Es gibt Parallelen zwischen beiden Fällen: Longchamp und Brotz befassen sich seit Jahrzehnten leidenschaftlich mit Politik, beiden stehen im Schaufenster der Nation, beide sind bekannter als viele Spitzensportler, Nationalräte oder Wirtschaftsführer. Sie sind Reizfiguren und ragen markant über das helvetische Mittelmass hinaus. Das weckt Missgunst und Neid. Man spekuliert darauf, die Überflieger vom Himmel zu holen.

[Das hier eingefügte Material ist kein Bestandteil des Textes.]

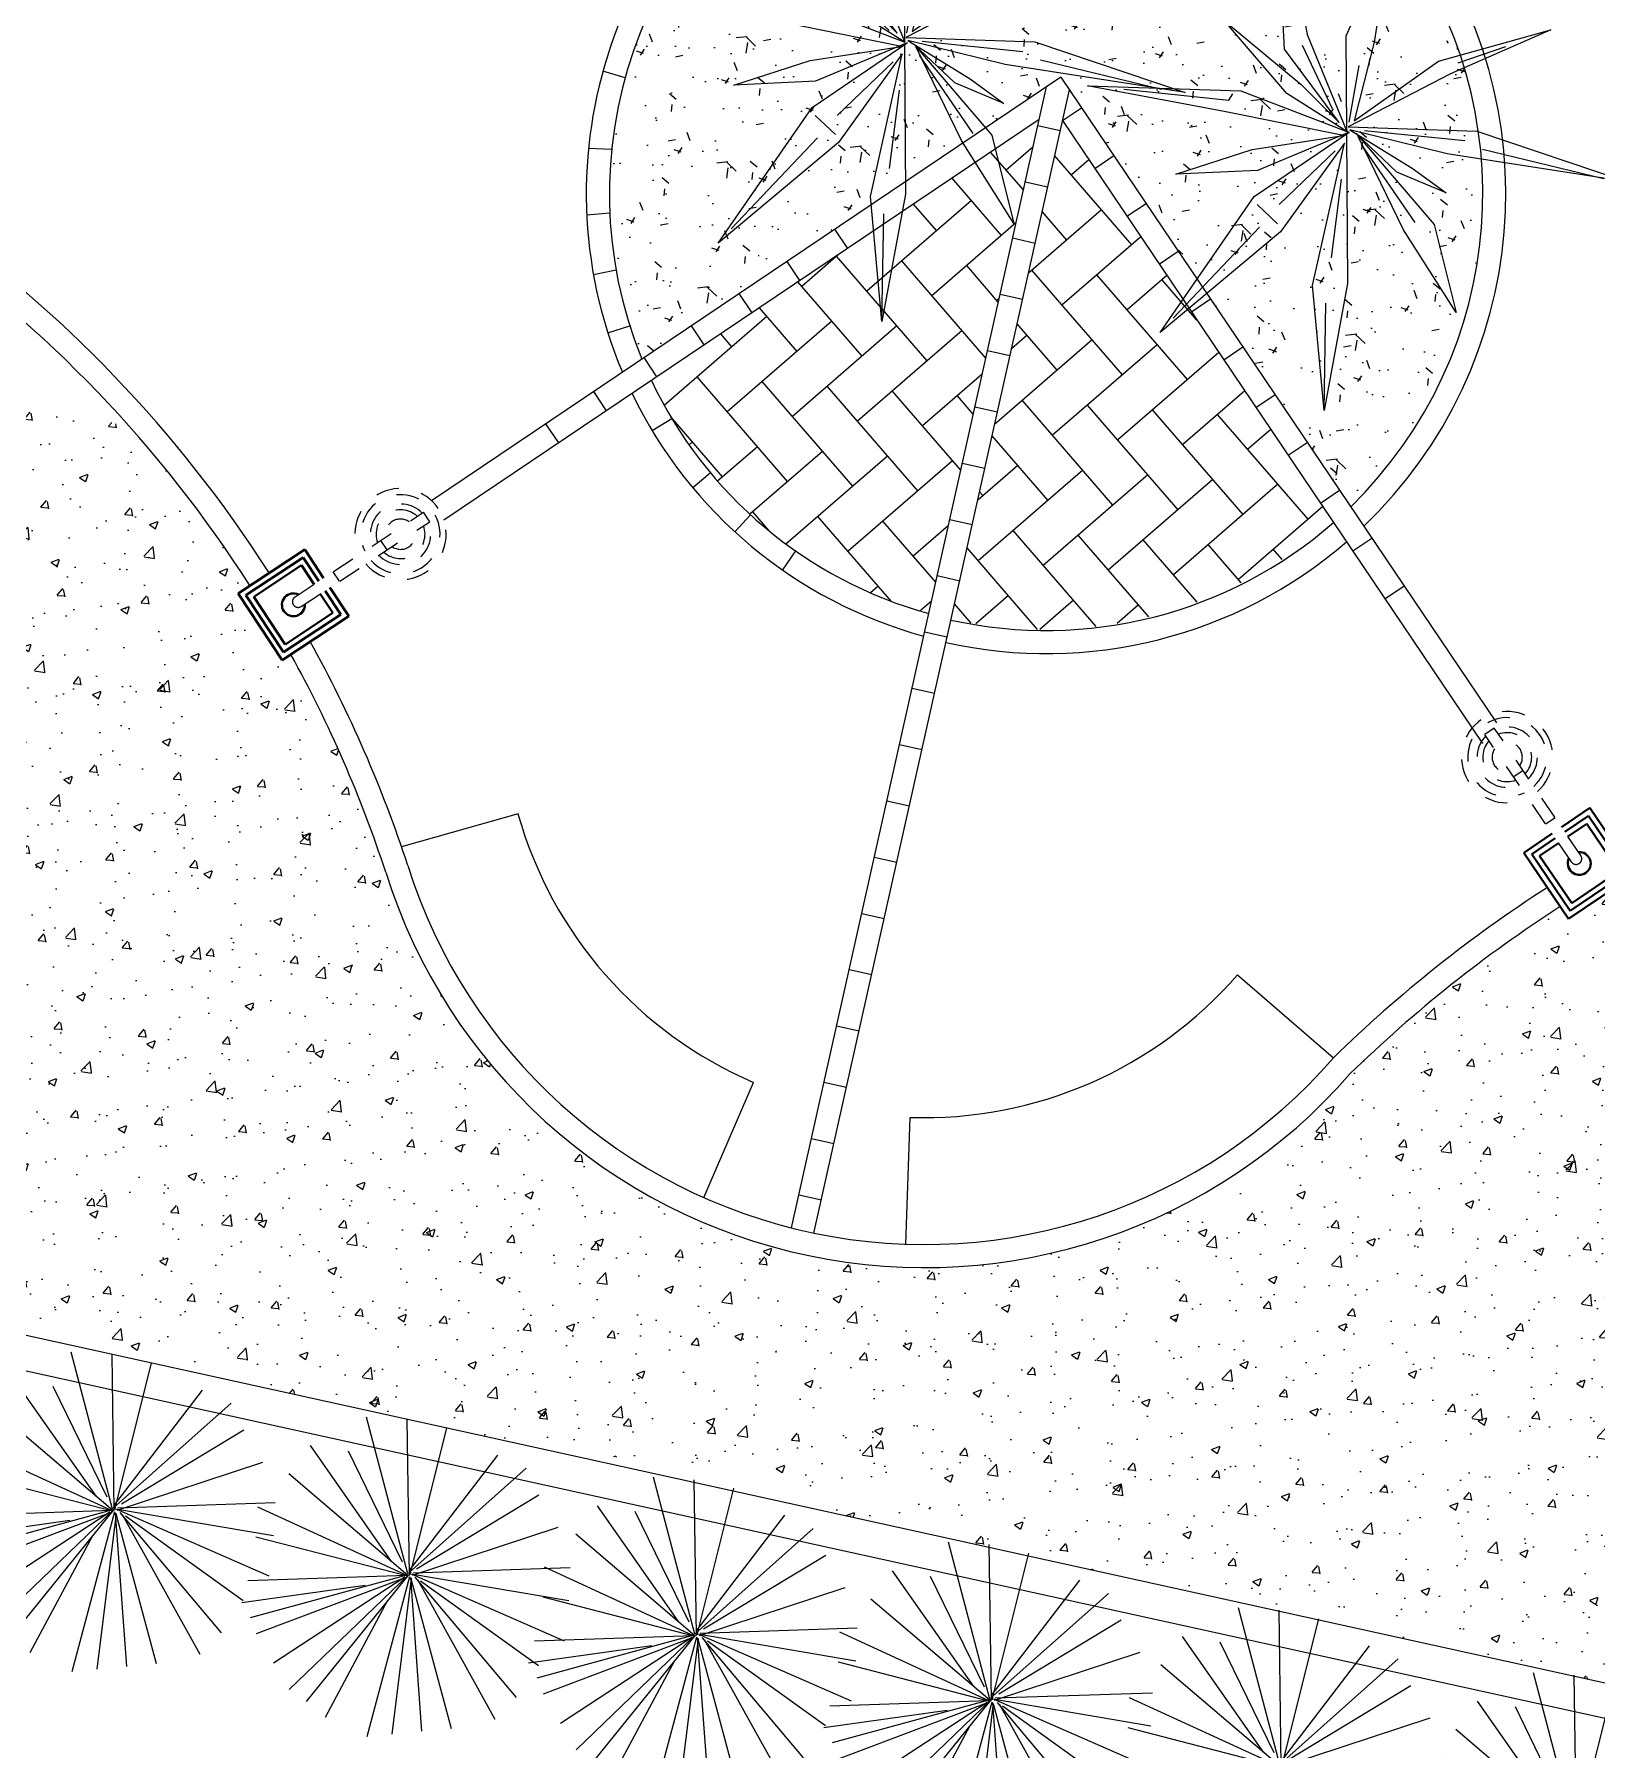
# Model space of a CAD drawing. Header units: metres. Extents: x 12093 to 20303, y 514 to 1412.
# Drawn here: x 19768.19 to 19774.96, y 688.11 to 695.55 of the extents above; entities that cross this region are included whole.
import ezdxf

# ---------------------------------------------------------------- set-up
doc = ezdxf.new("R2010")
doc.units = ezdxf.units.M
doc.linetypes.add('DASHED2', pattern=[9.525, 6.35, -3.175])
doc.layers.get('0').update_dxf_attribs({"lineweight": 13})
for name, color, linetype, lineweight in [('0-JARDI', 72, 'Continuous', 13), ('AMBI-GRASS', 104, 'Continuous', 20), ('grass', 64, 'Continuous', 13), ('JARDINERA', 132, 'Continuous', 40), ('Layer2', 43, 'Continuous', 20), ('MANZANAS-ORIGINALES', 147, 'Continuous', 9), ('SARDINEL', 52, 'Continuous', 20), ('TEX', 81, 'Continuous', 13), ('text.-piso', 35, 'Continuous', 5)]:
    doc.layers.add(name, color=color, linetype=linetype, lineweight=lineweight)
for name, color, linetype in [('LINEA1', 1, 'Continuous'), ('Proyecciones', 52, 'DASHED2'), ('textura', 61, 'Continuous')]:
    doc.layers.add(name, color=color, linetype=linetype)
pattern_1 = [(50, (19136.99335, 73.14804), (0.36436934, -0.03187817), [0.0381, -0.4191]), (355, (19136.99335, 73.14804), (-0.07048565, 0.38211329), [0.03048, -0.33528]), (100.451, (19137.0237, 73.1454), (0.293885, 0.35023338), [0.03238, -0.35618]), (46.1842, (19136.99335, 73.24964), (0.54215808, -0.08408466), [0.05715, -0.62865]), (96.6356, (19137.03853, 73.24264), (0.47480847, 0.4948511), [0.04857, -0.53427]), (351.184, (19136.99335, 73.24964), (0.4748092, 0.49485024), [0.04572, -0.50292]), (21, (19137.04415, 73.22424), (0.30322976, -0.20453104), [0.0381, -0.4191]), (326, (19137.04415, 73.22424), (0.12360406, 0.36837593), [0.03048, -0.33528]), (71.4514, (19137.06942, 73.2072), (0.42683298, 0.16384572), [0.03238, -0.35618]), (37.5, (19136.99335, 73.14804), (0.006177207, 0.169110078), [0, -0.331216, 0, -0.34036, 0, -0.33655]), (7.5, (19136.99335, 73.14804), (0.133639325, 0.20036115), [0, -0.194056, 0, -0.323596, 0, -0.12827]), (327.5, (19136.88007, 73.14804), (0.27118119, -0.011457488), [0, -0.127, 0, -0.39624, 0, -0.52578]), (317.5, (19136.82927, 73.14804), (0.29625836, 0.05085298), [0, -0.1651, 0, -0.263144, 0, -0.37338])]

# ---------------------------------------------------------------- blocks, each defined once
blk = doc.blocks.new('0Q62D')
at = {"color": 0, "linetype": 'ByBlock'}
for p, q in [((-0.05, 1.11), (0.07, 0.48)), ((-0.03, 0.53), (-0.05, 1.11)), ((-0.03, 0.96), (0.02, 0.52)), ((-0.33, 0.67), (-0.16, 0.38)), ((-0.24, 0.34), (-0.33, 0.67)), ((-0.99, 0.59), (-0.35, 0.33)), ((-0.47, 0.19), (-0.99, 0.59)), ((0.1, 0.29), (0.34, 0.61)), ((0.34, 0.61), (0.15, 0.24)), ((-0.47, 0.28), (-0.92, 0.55)), ((-0.02, 0.02), (-0.03, 0.53)), ((0.02, 0.52), (0.05, 0.51)), ((0.28, 0.34), (1, 0.54)), ((1, 0.54), (0.36, 0.26)), ((1, 0.54), (0.41, 0.33)), ((0.07, 0.48), (0, 0.01)), ((-0.16, 0.38), (-0.02, 0.02)), ((-0.44, 0.21), (-0.38, 0.31)), ((-0.35, 0.33), (0, 0)), ((0, 0), (-0.24, 0.34)), ((0, 0.01), (0.1, 0.29)), ((0.03, 0.05), (0.28, 0.34)), ((-0.09, 0.04), (-0.36, 0.22)), ((0.36, 0.26), (0, 0.01)), ((0.15, 0.24), (0.03, 0.05)), ((0.08, 0.09), (0.31, 0.27)), ((-0.05, 0.01), (-0.47, 0.19)), ((0, 0.01), (0.39, 0.1)), ((0.39, 0.1), (0.83, 0.01)), ((-1.16, -0.15), (-0.66, 0.01)), ((-0.66, 0.01), (-0.05, 0.01)), ((-0.01, 0.01), (-0.62, -0.13)), ((0.01, 0), (-0.09, -0.29)), ((0, -0.42), (0.01, 0)), ((0.02, 0.01), (0.12, -0.52)), ((0.33, -0.36), (0.02, 0.01)), ((0.04, 0.01), (0.28, 0.02)), ((0.83, 0.01), (0.39, -0.02)), ((0.77, 0.01), (0.5, 0.01)), ((-1.16, -0.15), (-0.72, -0.06)), ((-0.2, -0.01), (-0.53, -0.04)), ((-0.35, -0.31), (-0.01, -0.04)), ((-0.04, -0.06), (-0.31, -0.35)), ((0, -0.03), (-0.3, -0.43)), ((-0.12, -0.23), (0, -0.03)), ((0.02, -0.06), (0.07, -0.48)), ((0.05, -0.01), (0.37, -0.3)), ((0.39, -0.02), (0.05, -0.01)), ((-0.62, -0.13), (-1.16, -0.15)), ((-0.16, -0.45), (-0.12, -0.23)), ((-0.64, -0.6), (-0.35, -0.31)), ((-0.09, -0.29), (-0.16, -0.45)), ((0.37, -0.3), (0.6, -0.73)), ((-0.3, -0.43), (-0.64, -0.6)), ((0.05, -1.18), (0, -0.42)), ((0.6, -0.73), (0.33, -0.36)), ((0.49, -0.56), (0.38, -0.38)), ((0.04, -1.08), (0.05, -0.56)), ((0.12, -0.52), (0.05, -1.18))]:
    blk.add_line(p, q, dxfattribs=at)
blk = doc.blocks.new('Arbust21')
at = {"layer": '0-JARDI'}
blk.add_blockref('0Q62D', (-0.0237, -0.008), dxfattribs=at)
blk = doc.blocks.new('fghgg')
at = {"layer": 'JARDINERA'}
for p, q in [((19983.6623, 670.5354), (19983.6623, 670.8816)), ((19983.6623, 670.8816), (19983.8107, 670.8816)), ((19983.687, 670.5601), (19983.687, 670.8569)), ((19983.687, 670.8569), (19983.8107, 670.8569)), ((19983.8601, 670.8816), (19984.0085, 670.8816)), ((19983.8601, 670.8569), (19983.9838, 670.8569)), ((19983.9838, 670.8569), (19983.9838, 670.5601)), ((19984.0085, 670.8816), (19984.0085, 670.5354)), ((19983.7117, 670.5848), (19983.7117, 670.8321)), ((19983.7117, 670.8321), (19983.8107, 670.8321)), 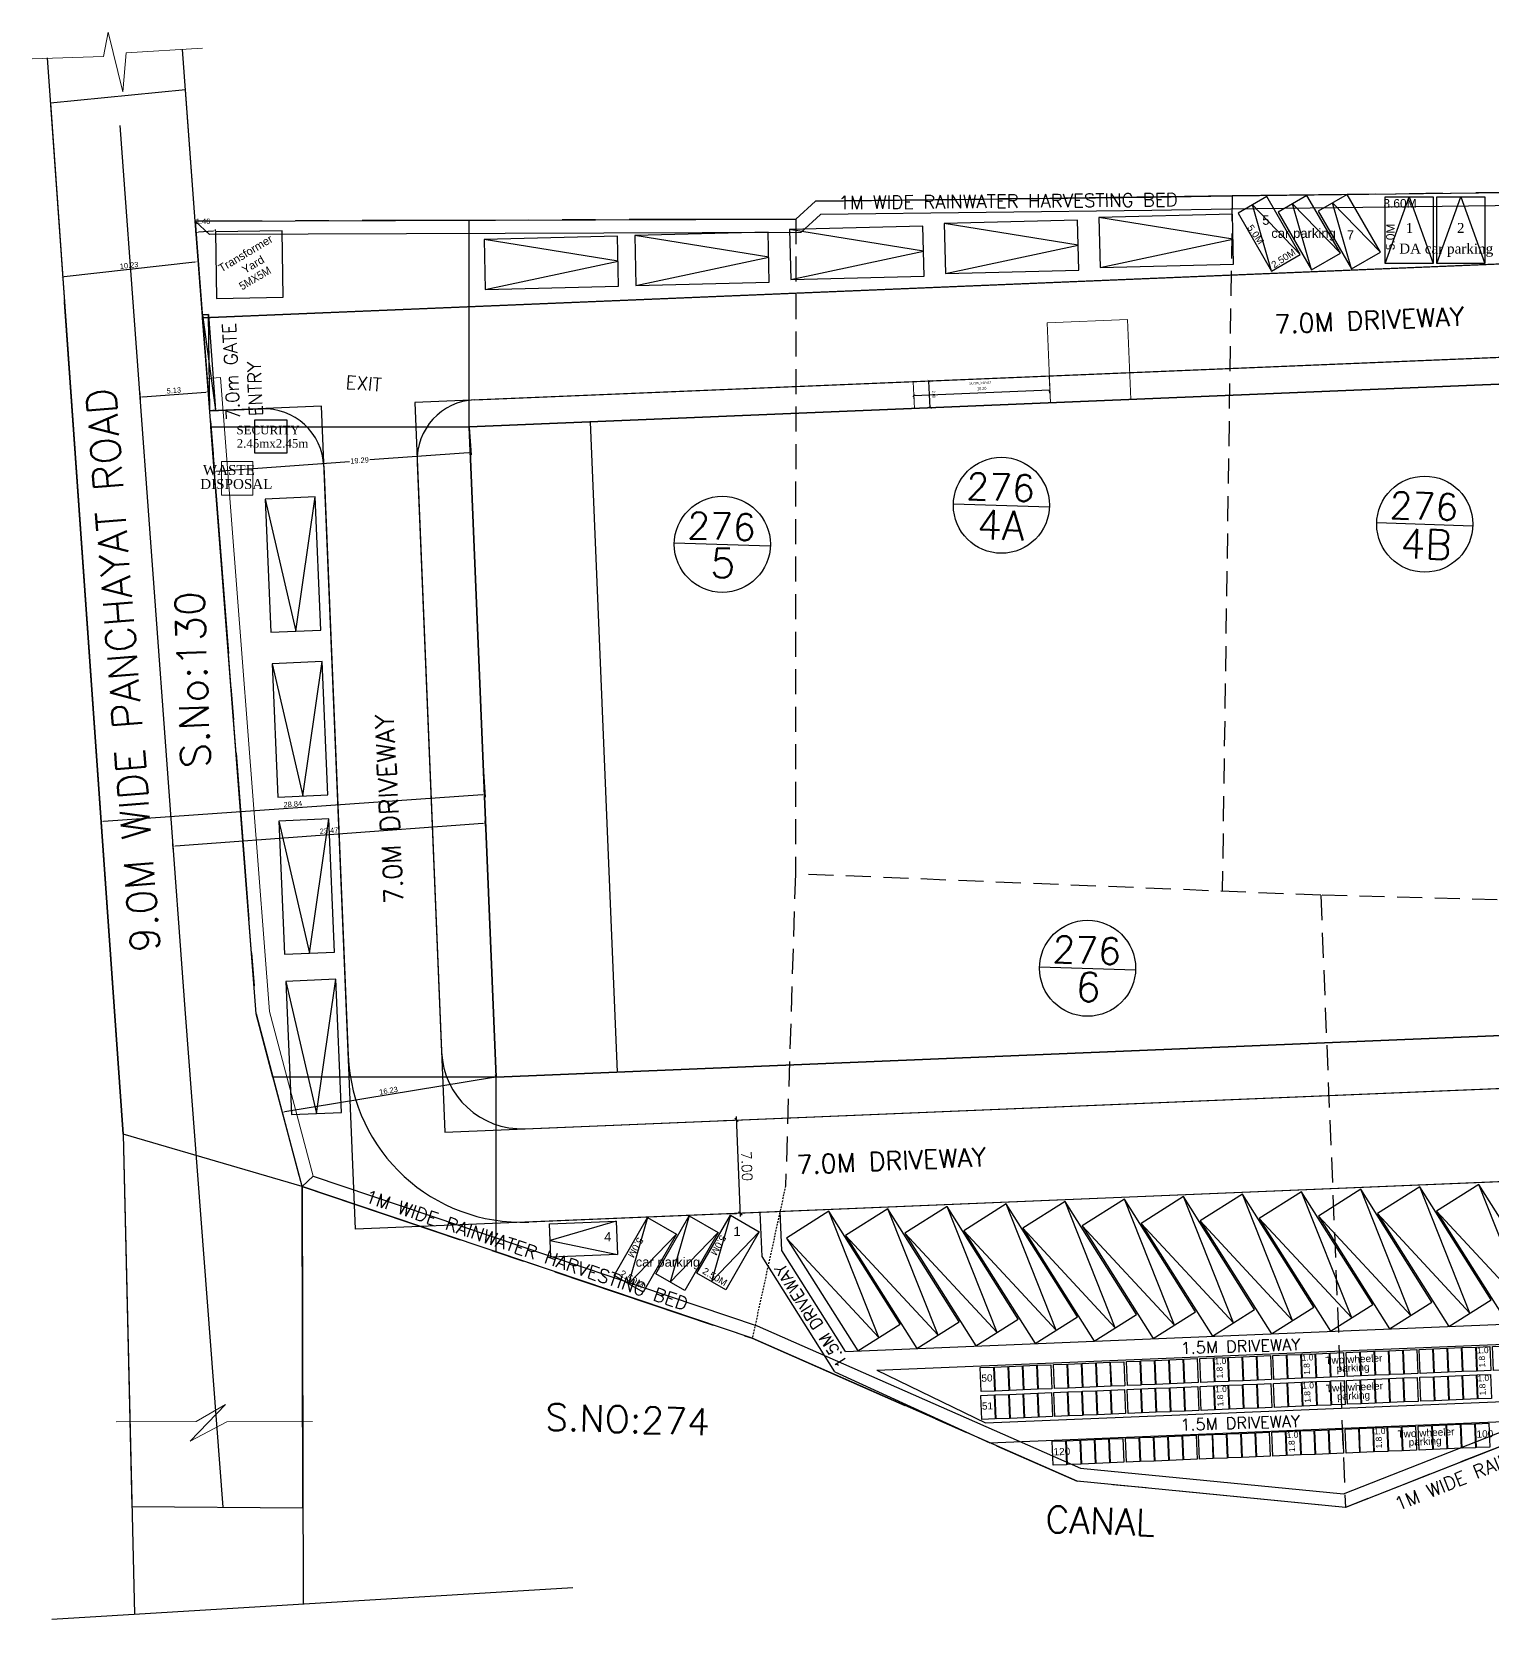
# Model space of a CAD drawing. Header units: metres. Extents: x 6804 to 7881, y 412 to 705.
# Drawn here: x 6811 to 6920.5, y 574.6 to 694.6 of the extents above; entities that cross this region are included whole.
import ezdxf

# ---------------------------------------------------------------- set-up
doc = ezdxf.new("R2010")
doc.units = ezdxf.units.M
doc.header["$LTSCALE"] = 5
doc.header["$PDSIZE"] = -1
for name, pattern in [('CENTER', [2, 1.25, -0.25, 0.25, -0.25]), ('CENTERX2', [4, 2.5, -0.5, 0.5, -0.5]), ('CONTINOUS', [0]), ('DASHED', [0.75, 0.5, -0.25]), ('DOT2', [0.125, 0, -0.125]), ('HIDDEN', [0.375, 0.25, -0.125])]:
    doc.linetypes.add(name, pattern=pattern)
doc.layers.get('0').update_dxf_attribs({"color": 8, "linetype": 'CONTINUOUS'})
doc.layers.get('DEFPOINTS').update_dxf_attribs({"color": 8, "linetype": 'CONTINUOUS'})
for name, color, linetype in [('5.1 TEXT', 8, 'CENTERX2'), ('BLK_1_LVL_0_BLDG_FOOT_PRINT', 1, 'CONTINUOUS'), ('BLK_1_LVL_0_FRONT_SETBACK', 2, 'CONTINUOUS'), ('BLK_1_LVL_0_SIDE_SETBACK1', 171, 'CONTINUOUS'), ('BLK_1_LVL_0_SIDE_SETBACK2', 102, 'CONTINUOUS'), ('BLK_1_MAX_HEIGHT_CAL', 7, 'CONTINUOUS'), ('DA_PARKING', 1, 'CONTINUOUS'), ('DISTANCE_BLK', 238, 'CONTINUOUS'), ('DRIVE_WAY', 255, 'DOT2'), ('FMB', 8, 'CONTINUOUS'), ('GUARD_ROOM', 2, 'CONTINUOUS'), ('HATCH', 8, 'CONTINUOUS'), ('L4', 8, 'CONTINUOUS'), ('LORRY_PARKING', 175, 'CONTINUOUS'), ('PARKING_SLOT', 30, 'CONTINUOUS'), ('PDF_0', 7, 'CONTINUOUS'), ('PDF_Text', 7, 'CONTINUOUS'), ('PLOT_BOUNDARY', 70, 'CONTINUOUS'), ('ROAD_WIDTH', 2, 'CONTINUOUS'), ('RWH', 130, 'CONTINUOUS'), ('S.NO', 6, 'CONTINUOUS'), ('SHORTEST_DIST_TO_ROAD', 6, 'CONTINUOUS'), ('Sub Divi', 3, 'DASHED'), ('SURRENDER_ROAD_WIDTH', 2, 'CONTINUOUS'), ('TEXT', 7, 'CONTINUOUS'), ('TRANSFORMER_YARD', 7, 'CONTINUOUS'), ('TRANSFORMER_YARD_ROAD', 7, 'CONTINUOUS'), ('TWO_WHEELER_PARKING', 2, 'CONTINUOUS'), ('WAL', 1, 'CONTINUOUS'), ('WALL', 3, 'CONTINUOUS')]:
    doc.layers.add(name, color=color, linetype=linetype)
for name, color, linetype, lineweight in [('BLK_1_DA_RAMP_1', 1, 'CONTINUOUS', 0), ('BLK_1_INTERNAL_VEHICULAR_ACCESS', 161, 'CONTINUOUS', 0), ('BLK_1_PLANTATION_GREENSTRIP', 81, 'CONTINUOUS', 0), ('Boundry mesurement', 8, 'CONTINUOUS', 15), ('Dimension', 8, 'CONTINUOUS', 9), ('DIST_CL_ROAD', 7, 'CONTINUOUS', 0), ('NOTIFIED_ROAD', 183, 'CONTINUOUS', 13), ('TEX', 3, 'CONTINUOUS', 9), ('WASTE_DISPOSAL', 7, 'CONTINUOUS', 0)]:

Longchamp und Brotz werden in Leserbriefspalten, Internetforen und Social-Media-Kanälen geprügelt. Ich ackerte mich zwei Stunden lang durch diese Kommentare und empfehle Ihnen, nicht dasselbe zu tun. Der Befund ist nämlich erschreckend: Roh und dumpf wird ausgeteilt, verurteilt und ausgegrenzt. Doch das ist nur der sichtbare Teil einer solchen Hetze. Aus beruflicher Erfahrung – meine Firma wird regelmässig in Krisensituationen beigezogen – weiss ich, dass der unsichtbare Teil noch weit grösser und verletzender sein kann. Ich spreche von E-Mails, Briefen und SMS, die den Protagonisten geschickt werden. Manchmal zu Hunderten. In diesen Verlautbarungen entlädt sich blanker Hass.
Chaoten hinterlassen auf ihren Saubannerzügen zu den Fussballstadien eine Spur der Verwüstung, Online-Hooligans machen Andersdenkende fertig. Die vielgelobte Dialogkultur im Netz scheint vor die Hunde zu gehen. Eine Studie in Deutschland zeigt auf: 2011 musste jeder siebte Leserkommentar gelöscht werden, inzwischen ist es bereits jeder fünfte. Sind wir besser – anständiger! – als die Deutschen? Mich übermannen Zweifel.
Mark Balsiger
Dieser Text ist diese Woche in einer kürzeren Version in der “Handelszeitung” erschienen.